# Problems getting replacement gas valve for Temco GC36-3N fireplace



## John Goodell (Nov 30, 2012)

The igniter works, but the local gas fireplace dealer says it needs a new gas valve since the valve is not responding to the signal to turn on the gas.  The dealer says the valve is not avaliable and we'll have to replace the whole unit ($4000-5000).  It seems like a replacement valve even if not the original could work. Does anyone know of a solution to this problem?


----------



## Heatsource (Nov 30, 2012)

what type of valve is it? maker and model


----------



## DAKSY (Nov 30, 2012)

John Goodell said:


> The igniter works, but the local gas fireplace dealer says it needs a new gas valve since the valve is not responding to the signal to turn on the gas.
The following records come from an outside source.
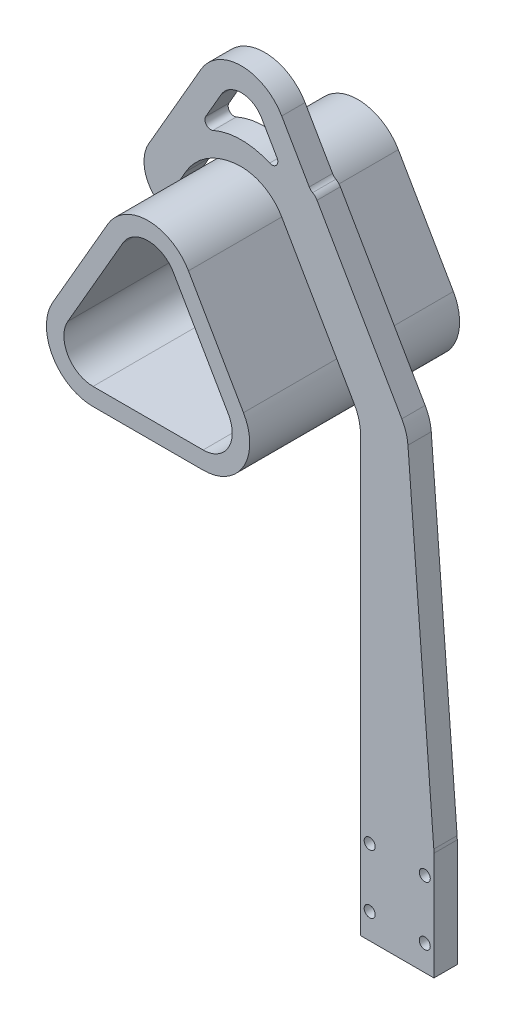
SolidWorks part; units mm, degrees
ref_plane "Front Plane" through (0, 0, 0) normal (0, 0, 1) x (1, 0, 0)
ref_plane "Top Plane" through (0, 0, 0) normal (0, 1, 0) x (1, 0, 0)
ref_plane "Right Plane" through (0, 0, 0) normal (1, 0, 0) x (0, 0, -1)
sketch "Sketch1" plane through (0, 0, 0) normal (0, 0, 1) x (1, 0, 0)
  line L0 (0, 0) -> (0, 29.9)
  line L1 (0, 29.9) -> (-7.3, 124.9982)
  line L2 (0, 0) -> (-20, 0)
  line L3 (-20, 0) -> (-20, 121.5953)
  line L4 (-20, 121.5953) -> (-41.4513, 158.75)
  line L6 (-37.4625, 113.7412) -> (-67.4371, 113.7412) construction
  line L8 (-41.4513, 182.5625) -> (-33.9576, 169.5831)
  line L9 (-73.0042, 146.9612) -> (-52.4498, 152.4) construction
  line L11 (-24.7625, 126.4412) -> (-24.7625, 52.4186) construction
  line L12 (-63.4483, 158.75) -> (-78.4357, 132.7912) construction
  line L13 (-67.5728, 156.3687) -> (-71.8136, 149.0234)
  line L14 (-63.4483, 182.5625) -> (-77.6812, 157.9104)
  line L15 (-37.4625, 126.4412) -> (-92.5926, 158.2706) construction
  line L16 (-52.4498, 176.2125) -> (-31.8954, 170.7737) construction
  line L17 (-32.5117, 168.4736) -> (-32.3802, 168.4384)
  line L18 (-32.3802, 168.4384) -> (-7.3, 124.9982)
  line L19 (0, 0) -> (-2.5, 6.95) construction
  line L20 (-17.5, 22.95) -> (-2.5, 22.95) construction
  line L21 (-17.5, 22.95) -> (-17.5, 6.95) construction
  line L22 (-17.5, 6.95) -> (-2.5, 6.95) construction
  line L23 (-2.5, 22.95) -> (-2.5, 6.95) construction
  line L24 (-17.5, 22.95) -> (-20, 29.9) construction
  line L25 (-17.5, 6.95) -> (-20, 0) construction
  arc A3 (-26.464, 132.7912) -> (-37.4625, 113.7412) centre (-37.4625, 126.4412) cw construction
  arc A8 (-41.4513, 158.75) -> (-52.4498, 165.1) centre (-52.4498, 152.4) ccw
  arc A9 (-52.4498, 165.1) -> (-63.4483, 158.75) centre (-52.4498, 152.4) ccw construction
  arc A10 (-52.4498, 165.1) -> (-67.5728, 156.3687) centre (-52.4498, 147.6375) ccw
  arc A11 (-71.8136, 149.0234) -> (-74.1949, 144.899) centre (-73.0042, 146.9612) cw
  arc A12 (-63.4483, 182.5625) -> (-41.4513, 182.5625) centre (-52.4498, 176.2125) cw
  arc A13 (-74.1949, 144.899) -> (-77.6812, 157.9104) centre (-69.4324, 153.1479) cw
  arc A14 (-78.4357, 132.7912) -> (-67.4371, 113.7412) centre (-67.4371, 126.4412) ccw construction
  circle A15 centre (-31.8954, 170.7737) radius 2.3813 construction
  arc A16 (-33.9576, 169.5831) -> (-32.5117, 168.4736) centre (-31.8954, 170.7737) ccw
  circle A17 centre (-2.5, 22.95) radius 1.5
  circle A18 centre (-2.5, 6.95) radius 1.5
  circle A19 centre (-17.5, 6.95) radius 1.5
  circle A20 centre (-17.5, 22.95) radius 1.5
  point P13 (-70.942, 145.7706)
  dimension "D1" = 20
  dimension "D4" = 12.7
  dimension "D5" = 60
  dimension "D7" = 9.525
  dimension "D8" = 9.525
  dimension "D9" = 2.3813
  dimension "D10" = 12.7
  dimension "D16" = 3
  dimension "D2" = 29.9
  dimension "D3" = 150
  dimension "D6" = 38.6588
  dimension "D11" = 45
  dimension "D12" = 12.7
  dimension "D13" = 152.4
  dimension "D14" = 16
  dimension "D15" = 15
extrude "Boss-Extrude1" add sketch "Sketch1" along normal blind 6.35
fillet "Fillet1" radius 3.175 2 edges at (-32.3802, 168.4384, 3.175) (-71.8136, 149.0234, 3.175)
fillet "Fillet2" radius 12.7 3 edges at (0, 29.9, 3.175) (-7.3, 124.9982, 3.175) (-20, 121.5953, 3.175)
sketch "Sketch2" plane through (0, 0, 6.35) normal (0, 0, 1) x (1, 0, 0)
  line L4 (-57.9491, 179.3875) -> (-65.5394, 166.2408)
  line L5 (-46.9506, 179.3875) -> (-39.3603, 166.2408)
  line L6 (-63.4483, 182.5625) -> (-77.6812, 157.9104) construction
  line L7 (-33.9576, 169.5831) -> (-41.4513, 182.5625) construction
  arc A4 (-65.5394, 166.2408) -> (-39.3603, 166.2408) centre (-52.4498, 152.4) cw
  arc A5 (-57.9491, 179.3875) -> (-46.9506, 179.3875) centre (-52.4498, 176.2125) cw
  arc A6 (-41.4513, 158.75) -> (-52.4498, 165.1) centre (-52.4498, 152.4) ccw construction
  arc A7 (-41.4513, 182.5625) -> (-63.4483, 182.5625) centre (-52.4498, 176.2125) ccw construction
  dimension "D1" = 6.35
  dimension "D2" = 6.35
extrude "Cut-Extrude1" cut sketch "Sketch2" against normal up to next
fillet "Fillet3" radius 1.5875 2 edges at (-65.5394, 166.2408, 3.175) (-39.3603, 166.2408, 3.175)
sketch "Sketch3" plane through (0, 0, 6.35) normal (0, 0, 1) x (1, 0, 0)
  line L0 (-41.4513, 158.75) -> (-21.7015, 124.5423) construction
  line L1 (-41.4513, 158.75) -> (-26.464, 132.7912)
  line L2 (-63.4483, 158.75) -> (-78.4357, 132.7912)
  line L3 (-67.4371, 113.7412) -> (-37.4625, 113.7412)
  line L4 (-67.4371, 118.5037) -> (-37.4625, 118.5037)
  line L5 (-45.5757, 156.3688) -> (-30.5884, 130.4099)
  line L6 (-59.3239, 156.3687) -> (-74.3112, 130.4099)
  arc A0 (-41.4513, 158.75) -> (-52.4498, 165.1) centre (-52.4498, 152.4) ccw construction
  arc A1 (-41.4513, 158.75) -> (-63.4483, 158.75) centre (-52.4498, 152.4) ccw
  arc A2 (-78.4357, 132.7912) -> (-67.4371, 113.7412) centre (-67.4371, 126.4412) ccw
  arc A3 (-26.464, 132.7912) -> (-37.4625, 113.7412) centre (-37.4625, 126.4412) cw
  arc A4 (-30.5884, 130.4099) -> (-37.4625, 118.5037) centre (-37.4625, 126.4412) cw
  arc A5 (-45.5757, 156.3688) -> (-59.3239, 156.3687) centre (-52.4498, 152.4) ccw
  arc A6 (-74.3112, 130.4099) -> (-67.4371, 118.5037) centre (-67.4371, 126.4412) ccw
  point P9 (-67.4702, 105.0188)
  point P11 (-30.605, 82.5601)
  dimension "D1" = 38.6588
  dimension "D2" = 4.7625
extrude "Boss-Extrude2" add sketch "Sketch3" along normal blind 25.4 and the other way blind 31.75 separate body
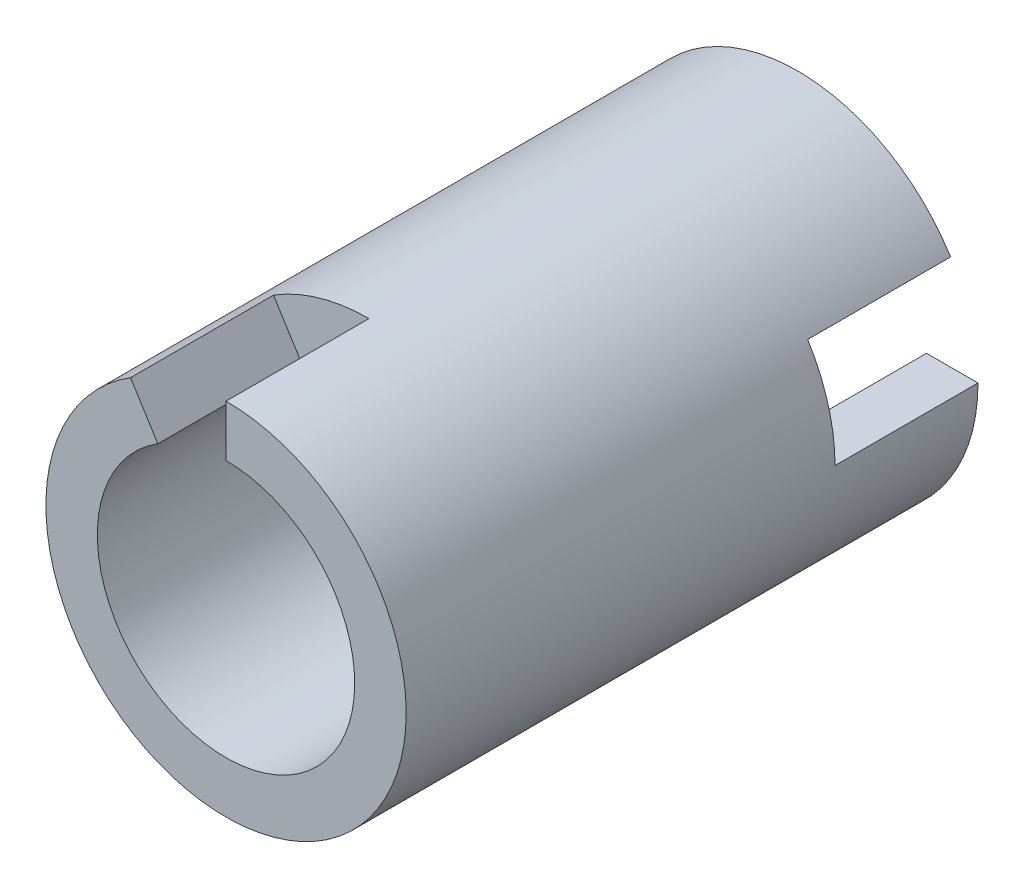
SolidWorks part; units mm, degrees
ref_plane "Front" through (0, 0, 0) normal (0, 0, 1) x (1, 0, 0)
ref_plane "Top" through (0, 0, 0) normal (0, 1, 0) x (1, 0, 0)
ref_plane "Right" through (0, 0, 0) normal (1, 0, 0) x (0, 0, -1)
sketch "Sketch1" plane through (0, 0, 0) normal (0, 0, 1) x (1, 0, 0)
  circle A0 centre (0, 0) radius 6.5
  circle A1 centre (0, 0) radius 4.5
  dimension "D1" = 2
  dimension "D2" = 9
extrude "Boss-Extrude1" add sketch "Sketch1" along normal blind 10 and the other way blind 10
ref_point "Point1"
ref_point "Point2"
ref_axis "Axis1" through (0, 0, 10) along (0, 1, 0)
ref_axis "Axis2" through (0, 0, -10) along (0, 1, 0)
sketch "Sketch2" plane through (0, 0, 10) normal (0, 0, 1) x (1, 0, 0)
  line L0 (-6.23, 9.9701) -> (0, 0)
  line L1 (0, 0) -> (0, 7.5386) construction
  line L3 (0, 0) -> (0, 11.7566)
  arc A0 (0, 11.7566) -> (-6.23, 9.9701) centre (0, 0) ccw
  dimension "D1" = 32
  dimension "D3" = 11.7566
extrude "Cut-Extrude2" cut sketch "Sketch2" against normal blind 5 contours L0 L3 A0
sketch "Sketch4" plane through (0, 0, 10) normal (0, 0, 1) x (1, 0, 0)
  circle A0 centre (0, 0) radius 6.5
  circle A1 centre (0, 0) radius 6.3
  dimension "D2" = 12.6
  dimension "D1" = 0.2
extrude "Cut-Extrude4" cut sketch "Sketch4" against normal through all
sketch "Sketch3" plane through (0, 0, -10) normal (0, 0, 1) x (1, 0, 0)
  line L0 (9.9701, 6.23) -> (0, 0)
  line L3 (0, 0) -> (11.7566, 0)
  arc A0 (11.7566, 0) -> (9.9701, 6.23) centre (0, 0) ccw
  circle A1 centre (0, 0) radius 4.5 construction
  dimension "D1" = 11.7566
  dimension "D2" = 32
extrude "Cut-Extrude3" cut sketch "Sketch3" along normal blind 5 contours L3 A0 L0

The dealer says the valve is not avaliable and we'll have to replace the whole unit ($4000-5000). It seems like a replacement valve even if not the original could work. Does anyone know of a solution to this problem?


 
This a vented unit? TEMCO made a LOT of Un-vented products, including gas logs. My guess would be the ODS in the pilot body...To re-iterate what Dave said, we need the Valve make & model...


----------



## John Goodell (Nov 30, 2012)

A1Stoves.com said:


> what type of valve is it? maker and model


 
The tag on the gas line shows Dormont Mfg Co.  It shows two model #s, model #20 and model #1637N.  Thanks.


----------



## mygasfireplacerepair (Dec 2, 2012)

Dormont is the company that makes the appliance flex connector for your gas line.  The model should be written right on the underside of the main control valve itself.  It's most likely a Honeywell valve, and Honeywell stopped making fireplace control valves a few years ago.  That being said, you might be able to find one online on ebay or something but you would need the model number off the valve.


----------



## sticks (Dec 7, 2012)

Temco is known for their vent free but my guess would be B vent on this one. If you can post a picture we can probably at least figure out what brand of valve you have.


----------